Monday, August 19, 2019

Back Story #3, Moses Aleman

Moses Aleman

Moses Aleman took the photograph on the book’s cover, a fact that obviously pleases him.  In 1963, Moe was an FBI agent in Tampa, Florida.  My first contact with him was a phone call to ask if he remembered his 1964 investigation of Gilberto Lopez, a Cuban-American who had lived in Tampa.
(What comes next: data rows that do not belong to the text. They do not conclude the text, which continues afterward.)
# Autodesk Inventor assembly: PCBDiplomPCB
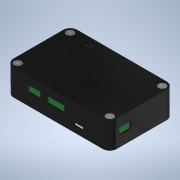
[picture p0: Inventor's stored thumbnail of the model, 180x180]
Saved by Autodesk Inventor 2022 (Build 260153000, 153)
## iProperties
Company: Open CASCADE
Created: 2022-01-03
Part Number: PCBDiplomPCB
Description: Open CASCADE Model
Document SubType Name: Assembly
Designer: user
Authority: Unknown
Mass: 40.7955 g
Surface Area: 403.085 cm^2
Volume: 26.6823 cm^3
Density: 1.52894 g/cm^3
Sending System: Open CASCADE 6.8
Preprocessor: Open CASCADE STEP processor 6.8
Title: Open CASCADE Shape Model
Author: Author
## Documents named in this file (41)
- C:\Study\Diplom\Altium\Diplom\Project Outputs for Diplom\Inventor\PCBDiplomPCB.iam
- C:\Study\Diplom\Altium\Diplom\Project Outputs for Diplom\Inventor\PCBBoard.iam
- C:\Study\Diplom\Altium\Diplom\Project Outputs for Diplom\Inventor\PCBZQ1.iam
- C:\Study\Diplom\Altium\Diplom\Project Outputs for Diplom\Inventor\PCBXS4.iam
- C:\Study\Diplom\Altium\Diplom\Project Outputs for Diplom\Inventor\PCBXS3.iam
- C:\Study\Diplom\Altium\Diplom\Project Outputs for Diplom\Inventor\PCBXS2.iam
- C:\Study\Diplom\Altium\Diplom\Project Outputs for Diplom\Inventor\PCBXS1.iam
- C:\Study\Diplom\Altium\Diplom\Project Outputs for Diplom\Inventor\PCBXP2.iam
- C:\Study\Diplom\Altium\Diplom\Project Outputs for Diplom\Inventor\PCBXP1.iam
- C:\Study\Diplom\Altium\Diplom\Project Outputs for Diplom\Inventor\PCBVT1.iam
- C:\Study\Diplom\Altium\Diplom\Project Outputs for Diplom\Inventor\PCBSB1.iam
- C:\Study\Diplom\Altium\Diplom\Project Outputs for Diplom\Inventor\PCBSA1.iam
- C:\Study\Diplom\Altium\Diplom\Project Outputs for Diplom\Inventor\PCBR7.iam
- C:\Study\Diplom\Altium\Diplom\Project Outputs for Diplom\Inventor\PCBR6.iam
- C:\Study\Diplom\Altium\Diplom\Project Outputs for Diplom\Inventor\PCBR5.iam
- C:\Study\Diplom\Altium\Diplom\Project Outputs for Diplom\Inventor\PCBR4.iam
- C:\Study\Diplom\Altium\Diplom\Project Outputs for Diplom\Inventor\PCBR3.iam
- C:\Study\Diplom\Altium\Diplom\Project Outputs for Diplom\Inventor\PCBR2.iam
- C:\Study\Diplom\Altium\Diplom\Project Outputs for Diplom\Inventor\PCBR1.iam
- C:\Study\Diplom\Altium\Diplom\Project Outputs for Diplom\Inventor\PCBL1.iam
- C:\Study\Diplom\Altium\Diplom\Project Outputs for Diplom\Inventor\PCBHL1.iam
- C:\Study\Diplom\Altium\Diplom\Project Outputs for Diplom\Inventor\PCBF1.iam
- C:\Study\Diplom\Altium\Diplom\Project Outputs for Diplom\Inventor\PCBDD1.iam
- C:\Study\Diplom\Altium\Diplom\Project Outputs for Diplom\Inventor\PCBDA1.iam
- C:\Study\Diplom\Altium\Diplom\Project Outputs for Diplom\Inventor\PCBC14.iam
- C:\Study\Diplom\Altium\Diplom\Project Outputs for Diplom\Inventor\PCBC13.iam
- C:\Study\Diplom\Altium\Diplom\Project Outputs for Diplom\Inventor\PCBC12.iam
- C:\Study\Diplom\Altium\Diplom\Project Outputs for Diplom\Inventor\PCBC11.iam
- C:\Study\Diplom\Altium\Diplom\Project Outputs for Diplom\Inventor\PCBC10.iam
- C:\Study\Diplom\Altium\Diplom\Project Outputs for Diplom\Inventor\PCBC9.iam
- C:\Study\Diplom\Altium\Diplom\Project Outputs for Diplom\Inventor\PCBC8.iam
- C:\Study\Diplom\Altium\Diplom\Project Outputs for Diplom\Inventor\PCBC7.iam
- C:\Study\Diplom\Altium\Diplom\Project Outputs for Diplom\Inventor\PCBC6.iam
- C:\Study\Diplom\Altium\Diplom\Project Outputs for Diplom\Inventor\PCBC5.iam
- C:\Study\Diplom\Altium\Diplom\Project Outputs for Diplom\Inventor\PCBC4.iam
- C:\Study\Diplom\Altium\Diplom\Project Outputs for Diplom\Inventor\PCBC3.iam
- C:\Study\Diplom\Altium\Diplom\Project Outputs for Diplom\Inventor\PCBC2.iam
- C:\Study\Diplom\Altium\Diplom\Project Outputs for Diplom\Inventor\PCBC1.iam
- C:\Study\Diplom\Altium\Diplom\Project Outputs for Diplom\Inventor\Основание.ipt
- C:\Study\Diplom\Altium\Diplom\Project Outputs for Diplom\Inventor\Крышка.ipt
- C:\Users\user\Documents\Inventor\Content Center Files\R2022\ru-RU\SFS 2977\SFS 2977 - M3 x 18.ipt
## Components (43 placed, 40 different names)
1. Board_2 [sub-assembly] — Вставка:1, Вставка:2
2. ZQ1_4 [sub-assembly]
3. XS4_6 [sub-assembly]
4. XS3_8 [sub-assembly]
5. XS2_10 [sub-assembly]
6. XS1_12 [sub-assembly]
7. XP2_16 [sub-assembly]
8. XP1_22 [sub-assembly]
9. VT1_24 [sub-assembly]
10. SB1_26 [sub-assembly]
11. SA1_29 [sub-assembly]
12. R7_31 [sub-assembly]
13. R6_33 [sub-assembly]
14. R5_35 [sub-assembly]
15. R4_37 [sub-assembly]
16. R3_39 [sub-assembly]
17. R2_41 [sub-assembly]
18. R1_43 [sub-assembly]
19. L1_48 [sub-assembly]
20. HL1_50 [sub-assembly]
21. F1_52 [sub-assembly]
22. DD1_54 [sub-assembly]
23. DA1_56 [sub-assembly]
24. C14_58 [sub-assembly]
25. C13_60 [sub-assembly]
26. C12_62 [sub-assembly]
27. C11_64 [sub-assembly]
28. C10_66 [sub-assembly]
29. C9_68 [sub-assembly]
30. C8_70 [sub-assembly]
31. C7_72 [sub-assembly]
32. C6_74 [sub-assembly]
33. C5_76 [sub-assembly]
34. C4_78 [sub-assembly]
35. C3_80 [sub-assembly]
36. C2_82 [sub-assembly]
37. C1_84 [sub-assembly]
38. Основание:1 — Вставка:1
39. Крышка:1 — Вставка:2, Совмещение:1, Совмещение:2, Совмещение:3, Совмещение:4
40. SFS 2977 M3 x 18:1 — Совмещение:1
41. SFS 2977 M3 x 18:2 — Совмещение:2
42. SFS 2977 M3 x 18:3 — Совмещение:3
43. SFS 2977 M3 x 18:4 — Совмещение:4
## Relationships (6: Mate 4, Insert 2)
- Вставка:1 [Insert]: Board_2 ↔ Основание:1
- Вставка:2 [Insert]: Board_2 ↔ Крышка:1
- Совмещение:1 [Mate]: Крышка:1 ↔ SFS 2977 M3 x 18:1
- Совмещение:2 [Mate]: Крышка:1 ↔ SFS 2977 M3 x 18:2
- Совмещение:3 [Mate]: Крышка:1 ↔ SFS 2977 M3 x 18:3
- Совмещение:4 [Mate]: Крышка:1 ↔ SFS 2977 M3 x 18:4

Moe's investigation determined that on November 17, Lopez had been at a Fair Play for Cuba meeting, expecting a phone call from Cuba to give him the go-ahead to travel there.  He left Tampa on November 20.  He was next seen on the night of Kennedy’s assassination, November 22, crossing the border from Texas into Mexico at Laredo.  He then traveled to Mexico City and flew to Havana on the night of November 27 as the only passenger on a Cubana Airlines flight.  Mexican authorities told the CIA that they thought Lopez had been involved in the assassination.  At the request of FBI headquarters, Moe filed several reports which contain about all that is known about Lopez.
            In calling Moe, I had hoped that he  could tell me more than was in his FBI reports.  Alas, he said this was just one of hundreds of investigations he had done.  Indeed, he didn’t remember anything until I sent him copies of his declassified reports from the National Archives.  But his memory was certain about one thing: He was never told that the interest in Lopez stemmed from allegations he was involved in Kennedy’s assassination.
            Once we finished discussing Lopez, Moe wanted to talk about President Kennedy’s visit to Tampa on Monday November 18.  The Secret Service had tasked the FBI office in Tampa with helping with security.  Kennedy was going to give a talk at the baseball stadium there, and the Secret Service wanted FBI agents posted around the stadium.  Moe was near first base where Kennedy’s car would exit.  It was the same car and same driver, Moe says, that were in Dallas four days later.
            The FBI expected both anti-Castro and Ku Klux Klan demonstrators at the event.  Since it didn’t have photographs of supporters of these groups, the Tampa FBI office instructed its agents to bring their own cameras to photograph the demonstrators.  None showed up, so Moe took pictures of the president, including the one on the book’s cover with Kennedy standing up in the car as he exited the stadium.  The agents’ various photographs of the event were posted on a bulletin board at the Tampa FBI office afterwards, and everyone was asked to vote on the best.  Moe’s photograph won.  Naturally, he is quite proud of it, and it hangs in his house.  He gave me permission to use it gratis.  The image isn’t perfectly focused, and the color has faded with age.  But the graphics department at the University of Nebraska Press turned those into strengths for a dramatic, ghostly book cover using the never-before-published photograph of John Kennedy four days before the Dallas tragedy.
            After Kennedy’s assassination, FBI Director Hoover sent Moe and other Tampa agents certificates of appreciation for their work in guarding the president on November 18.  Their work was one of the few bright spots in the FBI’s presidential security efforts at the time.  Hoover secretly censured several agents for their failures in investigating Oswald before the assassination.
            Moses Aleman has so many interesting stories that I had to resist the temptation to tell more of his back story in the book.  He grew up in a bilingual household in Texas, comfortable with both English and Spanish.  After graduating from the University of Texas, Moe went into the Air Force where he was in intelligence and had occasion to work with FBI agents.  One day, he overheard two agents speak to each other in rather halting Spanish.  They were surprised when he joined in with far more fluency than they had learned at language school in Monterey, California.  The agents said that the FBI needed Spanish-speaking agents because of the Kennedy administration’s interest in Cuba and urged Moe to join when he got out of the Air Force.  Moe likes to tell of taking the FBI’s language test.  He was given two newspaper articles, one in English and one in Spanish, and told he had an hour to translate each article into the other language without use of a dictionary.  “I was completely fluent in both languages,” he says, adding that he finished the test in five minutes.